→ Records
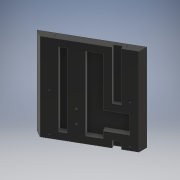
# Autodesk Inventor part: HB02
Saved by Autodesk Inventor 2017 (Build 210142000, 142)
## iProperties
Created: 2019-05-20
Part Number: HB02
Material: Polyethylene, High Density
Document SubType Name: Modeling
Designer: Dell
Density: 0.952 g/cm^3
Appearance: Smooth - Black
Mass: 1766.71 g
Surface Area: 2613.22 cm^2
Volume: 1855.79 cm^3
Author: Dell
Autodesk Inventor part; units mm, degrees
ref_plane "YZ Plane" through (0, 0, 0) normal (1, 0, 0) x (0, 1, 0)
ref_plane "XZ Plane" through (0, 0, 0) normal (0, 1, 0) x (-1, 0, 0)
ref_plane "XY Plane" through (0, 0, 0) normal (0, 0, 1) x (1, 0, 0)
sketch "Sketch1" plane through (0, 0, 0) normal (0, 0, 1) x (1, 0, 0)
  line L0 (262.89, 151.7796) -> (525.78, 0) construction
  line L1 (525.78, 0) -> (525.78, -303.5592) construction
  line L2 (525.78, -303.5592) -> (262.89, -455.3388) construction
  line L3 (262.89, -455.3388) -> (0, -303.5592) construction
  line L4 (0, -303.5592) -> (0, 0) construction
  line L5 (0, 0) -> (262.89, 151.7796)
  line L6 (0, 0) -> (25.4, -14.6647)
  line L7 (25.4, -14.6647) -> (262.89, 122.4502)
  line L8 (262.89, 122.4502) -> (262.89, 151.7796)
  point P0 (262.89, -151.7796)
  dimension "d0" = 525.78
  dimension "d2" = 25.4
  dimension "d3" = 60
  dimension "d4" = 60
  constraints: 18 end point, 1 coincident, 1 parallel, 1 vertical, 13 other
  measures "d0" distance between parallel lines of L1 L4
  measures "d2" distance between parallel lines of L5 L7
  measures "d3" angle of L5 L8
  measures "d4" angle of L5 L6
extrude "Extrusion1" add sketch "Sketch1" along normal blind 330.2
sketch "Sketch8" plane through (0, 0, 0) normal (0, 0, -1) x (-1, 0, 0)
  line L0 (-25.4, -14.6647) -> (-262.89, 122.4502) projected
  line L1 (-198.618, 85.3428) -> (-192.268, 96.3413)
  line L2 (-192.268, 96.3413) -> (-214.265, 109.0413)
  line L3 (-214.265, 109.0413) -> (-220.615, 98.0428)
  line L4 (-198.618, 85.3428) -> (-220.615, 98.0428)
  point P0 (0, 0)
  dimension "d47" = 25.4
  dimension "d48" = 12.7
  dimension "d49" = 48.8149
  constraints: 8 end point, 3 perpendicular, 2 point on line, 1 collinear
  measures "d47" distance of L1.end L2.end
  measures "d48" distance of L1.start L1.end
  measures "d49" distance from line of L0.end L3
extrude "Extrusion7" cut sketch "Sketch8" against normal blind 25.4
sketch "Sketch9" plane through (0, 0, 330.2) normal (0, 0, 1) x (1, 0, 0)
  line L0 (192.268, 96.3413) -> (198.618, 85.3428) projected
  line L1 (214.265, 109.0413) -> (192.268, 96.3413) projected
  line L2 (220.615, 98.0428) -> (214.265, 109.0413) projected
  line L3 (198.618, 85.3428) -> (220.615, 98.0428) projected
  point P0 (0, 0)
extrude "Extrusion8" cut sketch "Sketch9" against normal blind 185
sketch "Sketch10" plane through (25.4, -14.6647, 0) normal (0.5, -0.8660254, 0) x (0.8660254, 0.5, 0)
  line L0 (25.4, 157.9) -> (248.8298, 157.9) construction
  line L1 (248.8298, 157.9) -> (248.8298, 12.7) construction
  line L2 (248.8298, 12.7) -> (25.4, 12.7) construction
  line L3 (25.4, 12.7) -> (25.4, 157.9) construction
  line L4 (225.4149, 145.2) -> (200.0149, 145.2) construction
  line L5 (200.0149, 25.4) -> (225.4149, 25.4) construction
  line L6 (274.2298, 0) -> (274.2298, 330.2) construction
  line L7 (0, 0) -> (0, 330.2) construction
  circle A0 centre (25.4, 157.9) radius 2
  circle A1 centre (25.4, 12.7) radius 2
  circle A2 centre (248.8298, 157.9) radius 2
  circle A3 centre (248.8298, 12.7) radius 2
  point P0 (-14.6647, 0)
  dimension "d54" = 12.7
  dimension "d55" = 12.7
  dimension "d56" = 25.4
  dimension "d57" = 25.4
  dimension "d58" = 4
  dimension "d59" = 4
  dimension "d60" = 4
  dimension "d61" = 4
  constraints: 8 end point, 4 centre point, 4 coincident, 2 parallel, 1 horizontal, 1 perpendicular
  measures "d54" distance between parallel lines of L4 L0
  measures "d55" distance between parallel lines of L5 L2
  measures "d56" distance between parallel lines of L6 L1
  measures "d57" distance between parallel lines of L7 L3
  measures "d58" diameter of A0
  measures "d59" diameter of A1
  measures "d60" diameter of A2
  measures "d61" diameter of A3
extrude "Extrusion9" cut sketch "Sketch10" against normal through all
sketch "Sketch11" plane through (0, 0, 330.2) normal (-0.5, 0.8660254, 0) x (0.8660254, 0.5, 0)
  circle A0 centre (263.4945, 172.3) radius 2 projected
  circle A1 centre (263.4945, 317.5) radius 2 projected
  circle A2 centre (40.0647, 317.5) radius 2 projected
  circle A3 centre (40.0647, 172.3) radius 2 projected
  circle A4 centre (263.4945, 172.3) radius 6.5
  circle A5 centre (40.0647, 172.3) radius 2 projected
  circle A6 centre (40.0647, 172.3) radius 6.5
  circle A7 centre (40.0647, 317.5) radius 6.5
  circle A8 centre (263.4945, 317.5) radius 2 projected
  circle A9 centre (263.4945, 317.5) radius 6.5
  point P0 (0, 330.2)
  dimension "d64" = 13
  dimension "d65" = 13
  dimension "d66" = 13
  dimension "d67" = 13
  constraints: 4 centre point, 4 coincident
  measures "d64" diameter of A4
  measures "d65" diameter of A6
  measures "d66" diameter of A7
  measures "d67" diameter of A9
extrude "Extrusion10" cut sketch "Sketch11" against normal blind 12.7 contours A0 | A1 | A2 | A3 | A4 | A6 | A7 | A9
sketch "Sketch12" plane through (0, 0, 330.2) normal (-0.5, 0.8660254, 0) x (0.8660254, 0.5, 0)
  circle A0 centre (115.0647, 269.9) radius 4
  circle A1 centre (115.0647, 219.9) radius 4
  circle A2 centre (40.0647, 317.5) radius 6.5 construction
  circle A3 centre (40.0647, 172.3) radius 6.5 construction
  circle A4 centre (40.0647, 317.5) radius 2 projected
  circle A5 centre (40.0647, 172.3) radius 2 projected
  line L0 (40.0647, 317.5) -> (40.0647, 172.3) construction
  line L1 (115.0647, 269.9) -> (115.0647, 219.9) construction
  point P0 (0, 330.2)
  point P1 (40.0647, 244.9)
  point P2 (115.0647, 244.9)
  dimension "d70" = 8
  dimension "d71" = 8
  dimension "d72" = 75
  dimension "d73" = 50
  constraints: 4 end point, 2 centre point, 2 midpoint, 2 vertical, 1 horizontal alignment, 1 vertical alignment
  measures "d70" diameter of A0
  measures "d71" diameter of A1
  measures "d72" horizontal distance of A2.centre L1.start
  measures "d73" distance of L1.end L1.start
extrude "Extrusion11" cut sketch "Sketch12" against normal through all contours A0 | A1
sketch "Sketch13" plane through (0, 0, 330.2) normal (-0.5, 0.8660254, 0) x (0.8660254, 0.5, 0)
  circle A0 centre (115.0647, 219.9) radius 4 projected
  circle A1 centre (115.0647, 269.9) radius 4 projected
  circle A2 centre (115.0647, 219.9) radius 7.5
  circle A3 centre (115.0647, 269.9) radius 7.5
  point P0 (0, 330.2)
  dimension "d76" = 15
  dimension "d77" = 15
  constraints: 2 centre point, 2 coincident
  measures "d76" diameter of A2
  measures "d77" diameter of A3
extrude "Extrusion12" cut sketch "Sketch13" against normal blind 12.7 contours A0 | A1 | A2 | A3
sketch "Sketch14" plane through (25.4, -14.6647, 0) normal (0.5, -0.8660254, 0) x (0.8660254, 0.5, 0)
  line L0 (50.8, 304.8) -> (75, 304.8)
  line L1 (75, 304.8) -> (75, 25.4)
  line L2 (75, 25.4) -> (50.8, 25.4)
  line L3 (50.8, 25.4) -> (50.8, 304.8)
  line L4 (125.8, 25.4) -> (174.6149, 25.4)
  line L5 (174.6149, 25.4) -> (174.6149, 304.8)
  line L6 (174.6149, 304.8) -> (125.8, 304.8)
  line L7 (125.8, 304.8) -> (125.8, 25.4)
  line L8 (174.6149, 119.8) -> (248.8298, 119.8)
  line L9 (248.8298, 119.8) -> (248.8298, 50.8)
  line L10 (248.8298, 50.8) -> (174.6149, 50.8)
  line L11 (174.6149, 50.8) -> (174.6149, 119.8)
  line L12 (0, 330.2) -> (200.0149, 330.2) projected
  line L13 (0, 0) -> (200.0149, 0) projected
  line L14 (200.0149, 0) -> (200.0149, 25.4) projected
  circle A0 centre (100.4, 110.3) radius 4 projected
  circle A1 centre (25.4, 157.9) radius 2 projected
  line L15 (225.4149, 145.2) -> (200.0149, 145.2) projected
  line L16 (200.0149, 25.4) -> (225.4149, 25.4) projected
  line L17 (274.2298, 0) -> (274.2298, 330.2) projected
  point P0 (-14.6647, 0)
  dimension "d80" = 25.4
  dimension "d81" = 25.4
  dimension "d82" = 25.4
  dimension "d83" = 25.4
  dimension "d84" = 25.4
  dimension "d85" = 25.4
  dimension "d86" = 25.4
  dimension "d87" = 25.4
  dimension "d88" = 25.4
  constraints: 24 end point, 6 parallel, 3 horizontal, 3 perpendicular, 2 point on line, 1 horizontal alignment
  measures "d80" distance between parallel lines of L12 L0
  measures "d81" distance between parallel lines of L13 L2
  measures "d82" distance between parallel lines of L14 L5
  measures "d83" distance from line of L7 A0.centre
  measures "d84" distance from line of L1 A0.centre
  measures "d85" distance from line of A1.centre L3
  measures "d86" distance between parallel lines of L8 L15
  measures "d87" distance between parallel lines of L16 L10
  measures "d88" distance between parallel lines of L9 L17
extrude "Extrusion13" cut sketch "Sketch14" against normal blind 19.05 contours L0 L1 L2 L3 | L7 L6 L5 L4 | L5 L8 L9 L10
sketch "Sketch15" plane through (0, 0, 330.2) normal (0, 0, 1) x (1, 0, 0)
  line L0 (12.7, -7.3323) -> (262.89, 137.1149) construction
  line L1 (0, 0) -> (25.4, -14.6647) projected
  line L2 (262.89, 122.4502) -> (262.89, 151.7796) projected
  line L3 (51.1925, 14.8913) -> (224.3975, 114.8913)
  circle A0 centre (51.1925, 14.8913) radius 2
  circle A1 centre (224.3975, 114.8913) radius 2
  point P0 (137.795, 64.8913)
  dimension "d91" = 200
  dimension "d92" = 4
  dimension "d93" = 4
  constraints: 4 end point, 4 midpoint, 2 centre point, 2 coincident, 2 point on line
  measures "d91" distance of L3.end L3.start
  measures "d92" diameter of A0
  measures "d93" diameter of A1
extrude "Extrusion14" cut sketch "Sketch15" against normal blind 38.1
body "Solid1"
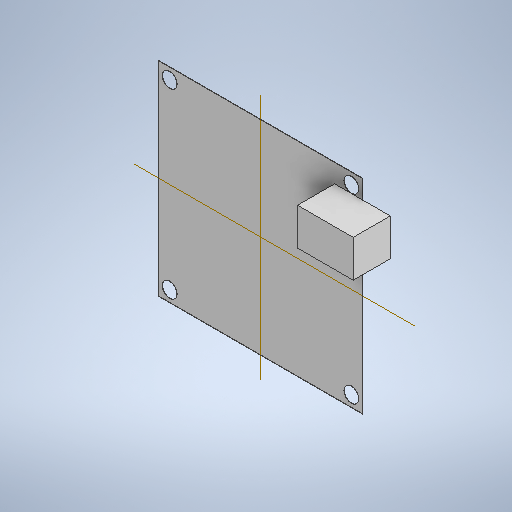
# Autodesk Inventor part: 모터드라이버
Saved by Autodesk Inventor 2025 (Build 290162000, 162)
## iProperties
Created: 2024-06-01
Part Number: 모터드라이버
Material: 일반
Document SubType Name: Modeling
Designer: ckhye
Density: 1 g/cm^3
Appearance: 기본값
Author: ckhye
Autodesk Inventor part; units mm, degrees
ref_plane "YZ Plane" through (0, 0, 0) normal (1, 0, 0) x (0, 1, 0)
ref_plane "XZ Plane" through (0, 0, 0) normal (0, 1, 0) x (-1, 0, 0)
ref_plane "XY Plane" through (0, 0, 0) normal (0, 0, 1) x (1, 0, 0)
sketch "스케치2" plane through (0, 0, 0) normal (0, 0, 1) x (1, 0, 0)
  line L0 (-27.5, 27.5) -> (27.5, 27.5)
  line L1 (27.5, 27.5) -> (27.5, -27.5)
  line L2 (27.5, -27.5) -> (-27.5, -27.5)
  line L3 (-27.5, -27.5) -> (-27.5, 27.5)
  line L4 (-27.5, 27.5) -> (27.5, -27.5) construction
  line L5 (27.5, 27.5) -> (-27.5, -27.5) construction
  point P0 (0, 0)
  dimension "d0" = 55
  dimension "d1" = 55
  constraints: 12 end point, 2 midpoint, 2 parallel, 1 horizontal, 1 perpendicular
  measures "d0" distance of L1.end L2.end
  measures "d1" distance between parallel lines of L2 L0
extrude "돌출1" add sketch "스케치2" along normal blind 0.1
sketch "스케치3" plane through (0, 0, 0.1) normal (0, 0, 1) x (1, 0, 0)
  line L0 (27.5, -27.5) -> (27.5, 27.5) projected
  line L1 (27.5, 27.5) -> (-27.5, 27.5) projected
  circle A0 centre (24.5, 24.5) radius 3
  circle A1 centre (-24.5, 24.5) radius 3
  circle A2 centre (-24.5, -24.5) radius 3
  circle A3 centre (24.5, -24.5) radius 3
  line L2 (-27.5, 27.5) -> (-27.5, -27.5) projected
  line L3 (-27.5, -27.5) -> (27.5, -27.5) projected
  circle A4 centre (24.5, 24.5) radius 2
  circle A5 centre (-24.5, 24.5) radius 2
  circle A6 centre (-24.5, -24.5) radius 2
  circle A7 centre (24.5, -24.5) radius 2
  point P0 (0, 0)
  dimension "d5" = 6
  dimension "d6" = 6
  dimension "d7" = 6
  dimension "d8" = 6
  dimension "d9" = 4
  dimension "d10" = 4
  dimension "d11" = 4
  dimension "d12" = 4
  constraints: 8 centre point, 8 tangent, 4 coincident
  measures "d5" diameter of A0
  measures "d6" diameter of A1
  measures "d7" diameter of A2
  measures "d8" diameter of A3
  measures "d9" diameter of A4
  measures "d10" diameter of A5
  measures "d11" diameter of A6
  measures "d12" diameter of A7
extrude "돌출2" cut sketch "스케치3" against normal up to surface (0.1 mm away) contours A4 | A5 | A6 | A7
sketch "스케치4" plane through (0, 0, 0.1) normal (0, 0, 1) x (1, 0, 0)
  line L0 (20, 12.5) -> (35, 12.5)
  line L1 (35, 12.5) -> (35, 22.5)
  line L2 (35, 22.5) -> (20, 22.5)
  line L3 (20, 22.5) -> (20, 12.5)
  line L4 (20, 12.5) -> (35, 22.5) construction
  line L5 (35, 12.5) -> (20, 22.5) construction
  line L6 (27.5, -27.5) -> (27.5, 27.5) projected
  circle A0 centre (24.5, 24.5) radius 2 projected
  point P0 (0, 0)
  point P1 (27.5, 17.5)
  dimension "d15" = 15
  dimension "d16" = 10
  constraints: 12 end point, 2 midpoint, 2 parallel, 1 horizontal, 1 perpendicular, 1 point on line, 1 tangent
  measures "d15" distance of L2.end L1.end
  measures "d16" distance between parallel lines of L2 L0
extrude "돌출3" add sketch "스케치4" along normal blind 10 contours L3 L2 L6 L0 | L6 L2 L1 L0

→ Required work
Look over the entries above. Copy every line that contains the word "Appearance".

→ Answer
Appearance: Smooth - Black
Appearance: 기본값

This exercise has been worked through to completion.